Zu weit weg von der Grenze ist der Ort jedenfalls nicht, denn die tschechische Braunkohleverstromung merkt man hier: "Der böhmische Wind heißt das bei uns. Wenn der Wind richtig steht – Ostwind – das spürt man auch in unseren Krankheitsstatistiken in den Schulen", schildert Olbernhaus Bürgermeister Jörg Klaffenbach. Das Thema Luftverschmutzung begleite die Menschen im Erzgebirgskamm schon seit Jahrzehnten.

Doch das Thema wurde von Ministerien und vom Bund laut Bürgermeister Klaffenbach nie richtig ernst genommen. "Ob das AKW jetzt die bessere Alternative ist, weiß ich nicht. Das ist eine saubere Energieform, das muss man ganz ehrlich sagen. Die sauberste, die es vielleicht derzeit gibt. Aber es gibt für alles ein Für und ein Wider."

Ist ein AKW das kleinere Übel im Vergleich zur Braunkohle? Zumindest gibt es bisher keine Fragen oder Beschwerden zu den AKW-Plänen, sagt Klaffenbach.

Prüfung der Umweltverträglichkeit geplant

Daher gibt die Stadt auch keine Stellungnahme im aktuell laufenden Vorverfahren zur Umweltverträglichkeitsprüfung ab. Die Frist dafür ist der heutige Montag. Doch Sachsens Umweltstaatssekretär Ulrich Menke beruhigt: "Derzeit findet ein sogenanntes Scoping-Verfahren statt. Scoping heißt Umfang- oder Reichweitenermittlung und dort werden wir ermitteln, worum es überhaupt geht, also welche Themen anliegen. Das ist die Grundlage, auf der die anschließende Umweltverträglichkeitsprüfung durchgeführt wird."
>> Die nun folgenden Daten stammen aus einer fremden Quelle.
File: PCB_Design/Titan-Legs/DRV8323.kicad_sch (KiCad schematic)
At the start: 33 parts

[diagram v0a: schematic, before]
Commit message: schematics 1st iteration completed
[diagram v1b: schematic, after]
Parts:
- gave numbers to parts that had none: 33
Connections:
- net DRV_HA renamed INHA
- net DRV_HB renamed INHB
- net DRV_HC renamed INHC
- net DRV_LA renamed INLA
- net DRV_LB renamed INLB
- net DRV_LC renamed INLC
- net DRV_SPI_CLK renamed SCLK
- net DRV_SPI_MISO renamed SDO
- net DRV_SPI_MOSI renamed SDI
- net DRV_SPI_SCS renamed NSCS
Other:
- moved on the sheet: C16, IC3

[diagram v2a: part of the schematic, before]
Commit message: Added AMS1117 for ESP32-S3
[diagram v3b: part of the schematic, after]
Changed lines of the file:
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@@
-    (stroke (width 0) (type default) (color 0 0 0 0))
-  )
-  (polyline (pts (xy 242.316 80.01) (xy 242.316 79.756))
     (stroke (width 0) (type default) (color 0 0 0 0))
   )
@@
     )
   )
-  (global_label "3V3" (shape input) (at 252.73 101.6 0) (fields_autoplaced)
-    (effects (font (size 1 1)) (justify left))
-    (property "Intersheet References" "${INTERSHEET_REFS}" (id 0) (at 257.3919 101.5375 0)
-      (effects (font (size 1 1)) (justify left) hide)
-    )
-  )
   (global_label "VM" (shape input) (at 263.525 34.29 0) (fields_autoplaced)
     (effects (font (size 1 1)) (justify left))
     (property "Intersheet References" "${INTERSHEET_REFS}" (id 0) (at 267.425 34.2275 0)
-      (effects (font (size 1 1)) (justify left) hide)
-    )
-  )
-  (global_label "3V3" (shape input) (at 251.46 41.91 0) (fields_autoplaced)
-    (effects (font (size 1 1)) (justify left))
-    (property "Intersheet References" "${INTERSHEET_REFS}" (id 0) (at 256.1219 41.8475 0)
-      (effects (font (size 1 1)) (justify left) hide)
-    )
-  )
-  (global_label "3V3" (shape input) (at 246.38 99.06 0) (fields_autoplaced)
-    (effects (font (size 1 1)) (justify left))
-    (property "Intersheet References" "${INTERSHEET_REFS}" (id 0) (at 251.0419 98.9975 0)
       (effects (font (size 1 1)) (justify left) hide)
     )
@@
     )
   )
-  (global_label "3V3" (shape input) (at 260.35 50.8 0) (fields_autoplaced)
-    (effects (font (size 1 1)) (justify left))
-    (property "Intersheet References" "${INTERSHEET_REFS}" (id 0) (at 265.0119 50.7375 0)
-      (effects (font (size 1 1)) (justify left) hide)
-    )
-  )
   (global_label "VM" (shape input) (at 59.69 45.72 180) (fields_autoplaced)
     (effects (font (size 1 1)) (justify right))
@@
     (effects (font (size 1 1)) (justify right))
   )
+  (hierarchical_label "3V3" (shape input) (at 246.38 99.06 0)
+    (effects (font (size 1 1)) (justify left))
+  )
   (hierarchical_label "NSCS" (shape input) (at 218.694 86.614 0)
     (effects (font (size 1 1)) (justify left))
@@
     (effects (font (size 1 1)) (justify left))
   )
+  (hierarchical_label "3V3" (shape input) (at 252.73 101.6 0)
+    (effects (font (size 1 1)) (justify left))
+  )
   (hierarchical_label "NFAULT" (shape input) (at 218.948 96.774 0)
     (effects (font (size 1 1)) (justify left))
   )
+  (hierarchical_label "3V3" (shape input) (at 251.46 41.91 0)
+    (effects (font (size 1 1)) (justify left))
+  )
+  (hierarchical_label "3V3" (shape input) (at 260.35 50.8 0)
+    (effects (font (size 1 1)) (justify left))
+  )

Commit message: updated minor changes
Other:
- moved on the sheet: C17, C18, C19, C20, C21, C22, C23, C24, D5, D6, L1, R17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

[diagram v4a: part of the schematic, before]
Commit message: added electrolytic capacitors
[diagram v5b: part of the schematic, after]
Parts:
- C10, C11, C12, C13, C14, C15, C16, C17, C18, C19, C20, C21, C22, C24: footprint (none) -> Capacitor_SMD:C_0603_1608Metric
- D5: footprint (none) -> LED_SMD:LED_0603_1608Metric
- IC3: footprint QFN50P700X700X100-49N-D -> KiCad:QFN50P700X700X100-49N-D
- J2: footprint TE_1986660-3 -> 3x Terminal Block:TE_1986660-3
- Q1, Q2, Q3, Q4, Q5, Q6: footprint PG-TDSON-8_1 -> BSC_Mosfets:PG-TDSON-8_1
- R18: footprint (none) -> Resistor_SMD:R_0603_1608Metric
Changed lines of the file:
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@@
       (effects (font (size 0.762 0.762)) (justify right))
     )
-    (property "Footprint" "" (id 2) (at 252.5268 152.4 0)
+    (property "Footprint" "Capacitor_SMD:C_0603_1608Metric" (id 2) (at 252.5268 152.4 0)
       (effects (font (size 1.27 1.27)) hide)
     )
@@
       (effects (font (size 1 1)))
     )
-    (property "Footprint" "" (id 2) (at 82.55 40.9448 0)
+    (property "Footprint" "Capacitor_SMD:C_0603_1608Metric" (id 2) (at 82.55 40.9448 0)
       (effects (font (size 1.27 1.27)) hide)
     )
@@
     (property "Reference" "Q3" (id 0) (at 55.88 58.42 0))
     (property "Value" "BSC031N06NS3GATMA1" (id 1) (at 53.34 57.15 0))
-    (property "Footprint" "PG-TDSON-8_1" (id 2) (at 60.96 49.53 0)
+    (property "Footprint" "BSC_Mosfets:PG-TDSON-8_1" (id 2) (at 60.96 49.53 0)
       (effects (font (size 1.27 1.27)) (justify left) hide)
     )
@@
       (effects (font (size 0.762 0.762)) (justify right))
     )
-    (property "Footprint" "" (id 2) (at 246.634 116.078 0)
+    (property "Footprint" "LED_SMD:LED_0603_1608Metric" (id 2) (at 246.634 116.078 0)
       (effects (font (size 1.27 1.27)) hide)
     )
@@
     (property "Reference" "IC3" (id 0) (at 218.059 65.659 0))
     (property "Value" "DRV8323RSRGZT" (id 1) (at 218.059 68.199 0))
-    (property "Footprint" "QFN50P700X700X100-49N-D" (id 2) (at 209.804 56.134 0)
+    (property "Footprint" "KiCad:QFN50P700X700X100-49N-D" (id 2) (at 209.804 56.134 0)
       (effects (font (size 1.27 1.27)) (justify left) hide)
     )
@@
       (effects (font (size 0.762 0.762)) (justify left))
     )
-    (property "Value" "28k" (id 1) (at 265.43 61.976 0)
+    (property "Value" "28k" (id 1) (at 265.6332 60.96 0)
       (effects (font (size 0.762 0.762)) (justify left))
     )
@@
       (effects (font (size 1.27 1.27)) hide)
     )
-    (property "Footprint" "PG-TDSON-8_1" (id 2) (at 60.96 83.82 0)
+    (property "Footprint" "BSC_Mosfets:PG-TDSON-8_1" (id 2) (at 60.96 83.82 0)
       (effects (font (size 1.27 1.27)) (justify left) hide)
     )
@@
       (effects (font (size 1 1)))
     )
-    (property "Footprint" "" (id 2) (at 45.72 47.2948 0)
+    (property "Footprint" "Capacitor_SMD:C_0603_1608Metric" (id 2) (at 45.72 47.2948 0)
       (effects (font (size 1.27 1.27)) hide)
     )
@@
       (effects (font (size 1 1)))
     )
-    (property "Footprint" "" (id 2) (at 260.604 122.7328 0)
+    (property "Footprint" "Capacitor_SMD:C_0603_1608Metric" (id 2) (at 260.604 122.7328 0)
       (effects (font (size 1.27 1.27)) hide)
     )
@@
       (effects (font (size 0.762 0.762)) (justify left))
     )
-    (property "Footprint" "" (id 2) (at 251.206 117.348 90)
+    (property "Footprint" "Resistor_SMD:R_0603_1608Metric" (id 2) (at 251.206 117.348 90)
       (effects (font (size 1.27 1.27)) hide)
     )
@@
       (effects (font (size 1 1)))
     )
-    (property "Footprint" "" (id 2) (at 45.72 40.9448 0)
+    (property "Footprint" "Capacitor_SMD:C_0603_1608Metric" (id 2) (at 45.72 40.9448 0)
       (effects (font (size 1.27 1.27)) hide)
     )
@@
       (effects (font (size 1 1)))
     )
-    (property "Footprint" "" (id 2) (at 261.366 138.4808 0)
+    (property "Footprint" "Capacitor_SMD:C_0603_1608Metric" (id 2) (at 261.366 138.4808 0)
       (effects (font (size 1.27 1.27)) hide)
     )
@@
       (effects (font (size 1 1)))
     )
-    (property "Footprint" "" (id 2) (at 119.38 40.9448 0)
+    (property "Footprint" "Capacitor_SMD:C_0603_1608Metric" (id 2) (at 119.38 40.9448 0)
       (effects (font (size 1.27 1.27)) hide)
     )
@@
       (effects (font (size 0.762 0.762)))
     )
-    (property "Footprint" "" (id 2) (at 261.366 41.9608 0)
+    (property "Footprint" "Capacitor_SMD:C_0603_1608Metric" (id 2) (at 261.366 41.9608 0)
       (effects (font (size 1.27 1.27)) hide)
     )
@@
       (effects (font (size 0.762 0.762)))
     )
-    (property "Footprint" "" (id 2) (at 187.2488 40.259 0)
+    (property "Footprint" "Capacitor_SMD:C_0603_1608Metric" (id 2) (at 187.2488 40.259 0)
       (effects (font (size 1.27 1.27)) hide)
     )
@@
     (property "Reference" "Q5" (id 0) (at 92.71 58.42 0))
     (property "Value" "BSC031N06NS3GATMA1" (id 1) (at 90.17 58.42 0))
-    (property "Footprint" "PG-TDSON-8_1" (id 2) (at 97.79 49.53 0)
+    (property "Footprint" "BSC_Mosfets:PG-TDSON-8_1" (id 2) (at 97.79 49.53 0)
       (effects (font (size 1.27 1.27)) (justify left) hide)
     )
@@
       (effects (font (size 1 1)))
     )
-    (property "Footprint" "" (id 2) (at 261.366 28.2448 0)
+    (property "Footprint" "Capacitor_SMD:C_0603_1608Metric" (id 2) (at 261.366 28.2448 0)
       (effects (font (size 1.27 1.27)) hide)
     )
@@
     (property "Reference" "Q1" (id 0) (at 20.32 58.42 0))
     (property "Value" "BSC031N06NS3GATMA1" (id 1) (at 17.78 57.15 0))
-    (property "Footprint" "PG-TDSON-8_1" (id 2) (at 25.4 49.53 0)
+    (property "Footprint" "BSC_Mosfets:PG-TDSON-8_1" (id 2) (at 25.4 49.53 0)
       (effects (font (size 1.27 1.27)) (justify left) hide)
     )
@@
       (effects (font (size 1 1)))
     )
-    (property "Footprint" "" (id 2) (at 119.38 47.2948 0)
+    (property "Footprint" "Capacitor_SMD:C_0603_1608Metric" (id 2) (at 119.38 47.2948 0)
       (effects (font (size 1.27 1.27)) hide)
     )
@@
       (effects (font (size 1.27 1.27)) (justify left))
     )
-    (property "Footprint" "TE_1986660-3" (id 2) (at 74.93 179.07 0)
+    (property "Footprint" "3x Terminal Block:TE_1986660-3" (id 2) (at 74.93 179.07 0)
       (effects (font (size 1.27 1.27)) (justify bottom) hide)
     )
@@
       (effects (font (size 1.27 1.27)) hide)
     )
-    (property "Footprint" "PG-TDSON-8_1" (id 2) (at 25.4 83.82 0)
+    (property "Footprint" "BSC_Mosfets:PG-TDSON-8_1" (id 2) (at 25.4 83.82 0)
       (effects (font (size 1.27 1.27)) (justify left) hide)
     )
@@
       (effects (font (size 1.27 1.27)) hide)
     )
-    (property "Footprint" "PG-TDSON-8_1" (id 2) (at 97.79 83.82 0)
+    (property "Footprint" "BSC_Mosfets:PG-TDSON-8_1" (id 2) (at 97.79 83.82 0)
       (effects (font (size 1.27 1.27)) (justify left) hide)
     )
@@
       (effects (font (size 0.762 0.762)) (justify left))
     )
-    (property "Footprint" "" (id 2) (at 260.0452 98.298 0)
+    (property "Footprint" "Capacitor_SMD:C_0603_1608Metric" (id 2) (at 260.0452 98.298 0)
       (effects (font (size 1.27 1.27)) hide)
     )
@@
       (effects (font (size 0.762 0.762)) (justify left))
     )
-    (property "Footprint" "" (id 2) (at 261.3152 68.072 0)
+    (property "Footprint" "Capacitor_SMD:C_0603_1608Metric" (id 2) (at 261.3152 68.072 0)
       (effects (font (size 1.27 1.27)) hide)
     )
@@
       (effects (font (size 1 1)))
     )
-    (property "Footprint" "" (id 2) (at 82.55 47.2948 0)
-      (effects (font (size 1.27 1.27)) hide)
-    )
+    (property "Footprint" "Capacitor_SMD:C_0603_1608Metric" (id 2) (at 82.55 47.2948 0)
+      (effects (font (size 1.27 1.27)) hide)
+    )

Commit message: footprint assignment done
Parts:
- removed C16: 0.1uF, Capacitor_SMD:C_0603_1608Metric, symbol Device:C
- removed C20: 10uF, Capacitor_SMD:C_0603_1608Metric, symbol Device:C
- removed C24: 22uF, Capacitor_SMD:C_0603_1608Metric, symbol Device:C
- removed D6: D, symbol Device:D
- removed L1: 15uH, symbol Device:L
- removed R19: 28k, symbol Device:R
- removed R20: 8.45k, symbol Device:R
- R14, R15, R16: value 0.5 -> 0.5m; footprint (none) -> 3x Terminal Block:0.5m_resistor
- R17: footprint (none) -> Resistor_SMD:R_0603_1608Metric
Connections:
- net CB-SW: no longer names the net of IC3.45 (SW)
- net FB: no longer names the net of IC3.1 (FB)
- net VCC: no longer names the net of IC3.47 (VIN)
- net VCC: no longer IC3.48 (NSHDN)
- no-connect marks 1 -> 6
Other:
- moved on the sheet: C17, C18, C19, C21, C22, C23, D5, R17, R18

Im Rahmen dieser Umweltverträglichkeitsprüfung werde dann allen – auch der Öffentlichkeit – Gelegenheit gegeben, mit Einwänden Stellung zu nehmen, sagt Menke. Es sei eher ungewöhnlich, dass die Öffentlichkeit überhaupt schon so früh in einem Verfahren beteiligt wird, sagt Menke. Denn welche möglichen Auswirkungen das Kraftwerk auf Wasser, Luft, Umwelt oder Sicherheit der Menschen haben kann, müsse erst noch ermittelt werden.

Am Ende ist der Bau aber keine deutsche Entscheidung. Das Prüfverfahren muss den tschechischen und europäischen Vorgaben standhalten, dann stehe es dem Land frei, über die eigene Energieversorgung zu entscheiden.